But as I'd already determined that it was not actually random (at least at one level) I sent a carrier pigeon out with a question about my follow up blog post.
Listening for secret messages transmitted during The Archers I received a reply indicating that I had indeed 'broken' the encryption on that stream of ASCII data (by guessing the algorithm and reverse engineering the key stream), but that the underlying data was actually random ASCII generated and encrypted using the following Python code:
b = ''.join([chr(randint(0x20, 0x7f)) for i in range(0, 16 * 7)]) c = codec(b, 0x1f, s=5)The first part generates 112 bytes of random ASCII text and the codec function is apparently the encryption function with the key I had identified (see the 0x1f and 5).
There are a couple of oddities about this code. The randint could generate an 0x7F which is non-printable (and doesn't appear in the decrypted text) and it generates precisely 112 bytes of data (whereas the part 2 actually contains two blocks of 112 and one of 102).
I questioned that by leaving a note in a tree in St. James's Park and received a response by exchanging briefcases at King's Cross Station to the effect that the 102 byte block had simply been truncated to make the code look interesting.
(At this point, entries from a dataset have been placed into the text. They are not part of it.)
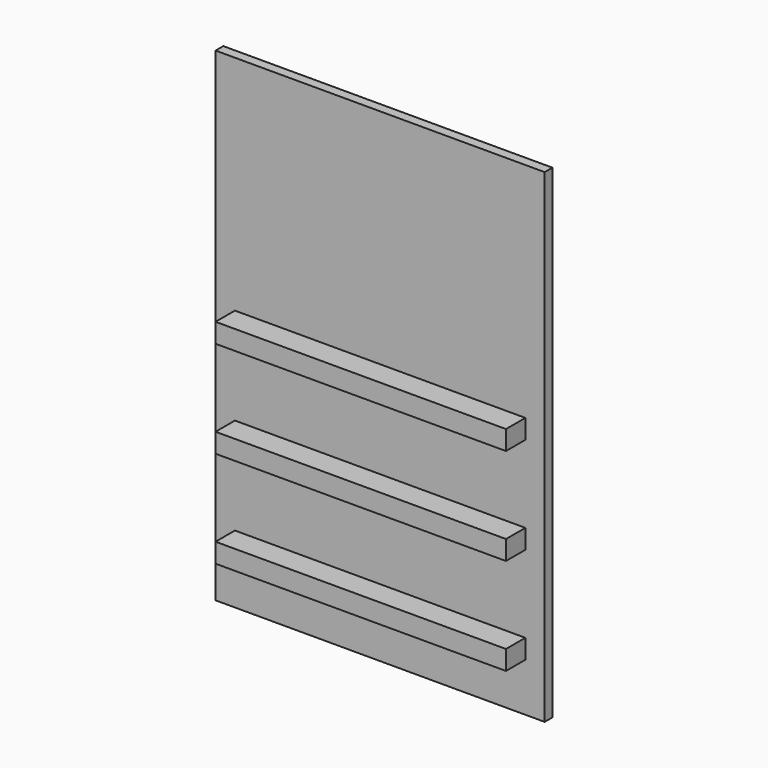
from build123d import *

# Parameters (mm, degrees)
F0_W     = 340
F0_H     = 500
F0_W_2   = 300
F0_H_2   = 20
F1_DEPTH = 10
F2_DEPTH = 35


# Not quite as in the source:
# - a feature names something its author has since deleted; it is built from what else it names


with BuildPart() as f1:
    # F0 (on Front) → F1 (new body)
    with BuildSketch(Plane.XZ):
        with Locations((-54.2285538465, 60.7086803179)):
            Rectangle(F0_W, F0_H)
        with Locations((-54.2285538465, -129.2913196821)):
            Rectangle(F0_W_2, F0_H_2, mode=Mode.SUBTRACT)
        with Locations((-54.2285538465, -29.2913196821)):
            Rectangle(F0_W_2, F0_H_2, mode=Mode.SUBTRACT)
        with Locations((-54.2285538465, 70.7086803179)):
            Rectangle(F0_W_2, F0_H_2, mode=Mode.SUBTRACT)
    extrude(amount=F1_DEPTH)

    # F0 (on Front) → F2 (join)
    with BuildSketch(Plane.XZ):
        with Locations((-54.2285538465, 70.7086803179)):
            Rectangle(F0_W_2, F0_H_2)
        with Locations((-54.2285538465, -29.2913196821)):
            Rectangle(F0_W_2, F0_H_2)
        with Locations((-54.2285538465, -129.2913196821)):
            Rectangle(F0_W_2, F0_H_2)
    extrude(amount=F2_DEPTH)


solid = f1.part
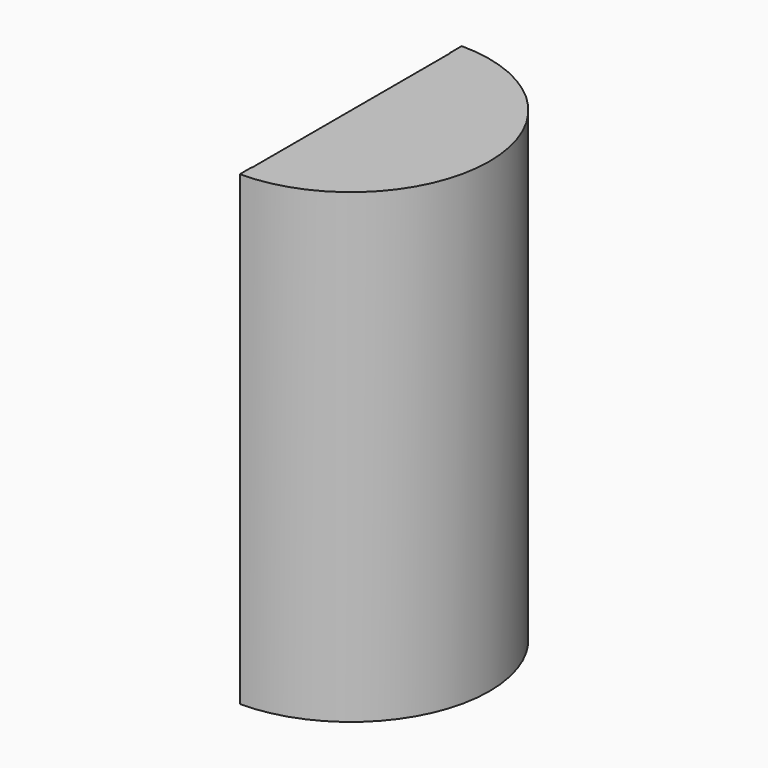
from build123d import *

# Parameters (mm, degrees)
F1_DEPTH    = 19.05
F3_DEPTH    = 0.75946
F4_T4_DEPTH = 76.9415838332
F4_S5_R     = 10.287
F4_T6_DEPTH = 40


# Not quite as in the source:
# - a fillet or chamfer that OpenCascade refuses, or shapes differently, is made with other operations: its cross-section is extruded or revolved along the edge and cut away or added


with BuildPart() as f1:
    # F0 (on Top) → F1 (new body, symmetric)
    with BuildSketch(Plane.XY):
        with BuildLine():
            ThreePointArc((0, 10.287), (10.287, 0), (0, -10.287))
            Line((0, -10.287), (0, -11.557))
            ThreePointArc((0, -11.557), (11.557, 0), (0, 11.557))
            Line((0, 11.557), (0, 10.287))
        make_face()
    extrude(amount=F1_DEPTH, both=True)

    # F2 (on face) → F3 (join, symmetric)
    with BuildSketch(Plane.XY.offset(19.05)):
        with BuildLine():
            Line((0, 11.557), (0, -11.557))
            ThreePointArc((0, -11.557), (11.557, 0), (0, 11.557))
        make_face()
    extrude(amount=F3_DEPTH, both=True)

    # F4: chamfer of 1.524 x 10.8438234569 on 1 edges, made by hand


with BuildPart() as f4_tool2:
    # F4_s3 → F4_t4 (new body)
    with BuildSketch(Plane.XZ.offset(-38.4707919166)):
        Polygon((0, 19.81454), (10.8438234569, 18.29054), (0, 18.29054), align=None)
    extrude(amount=F4_T4_DEPTH)

    # F4_s5 → F4_t6 (intersect, symmetric)
    with BuildSketch(Plane.XY.offset(19.1)):
        Circle(F4_S5_R)
    extrude(amount=F4_T6_DEPTH, both=True, mode=Mode.INTERSECT)


with BuildPart() as f1_1:
    add(f1.part)

    # F4_t1: cut F4_tool2
    add(f4_tool2.part, mode=Mode.SUBTRACT)


solid = f1_1.part

Of course, that could all be completely non-suspicious, but having been told that first it was random filler and then that actually it was blocks of encrypted random printable ASCII filler it wouldn't surprise me if the truth was even more complex (and perhaps rather mundane).
But why go to all this trouble on 'random filler' text? And why update the web site to say "The Challenge Continues"?
I am left slightly baffled, which I'd imagine is just how people working in secret places would like it to be.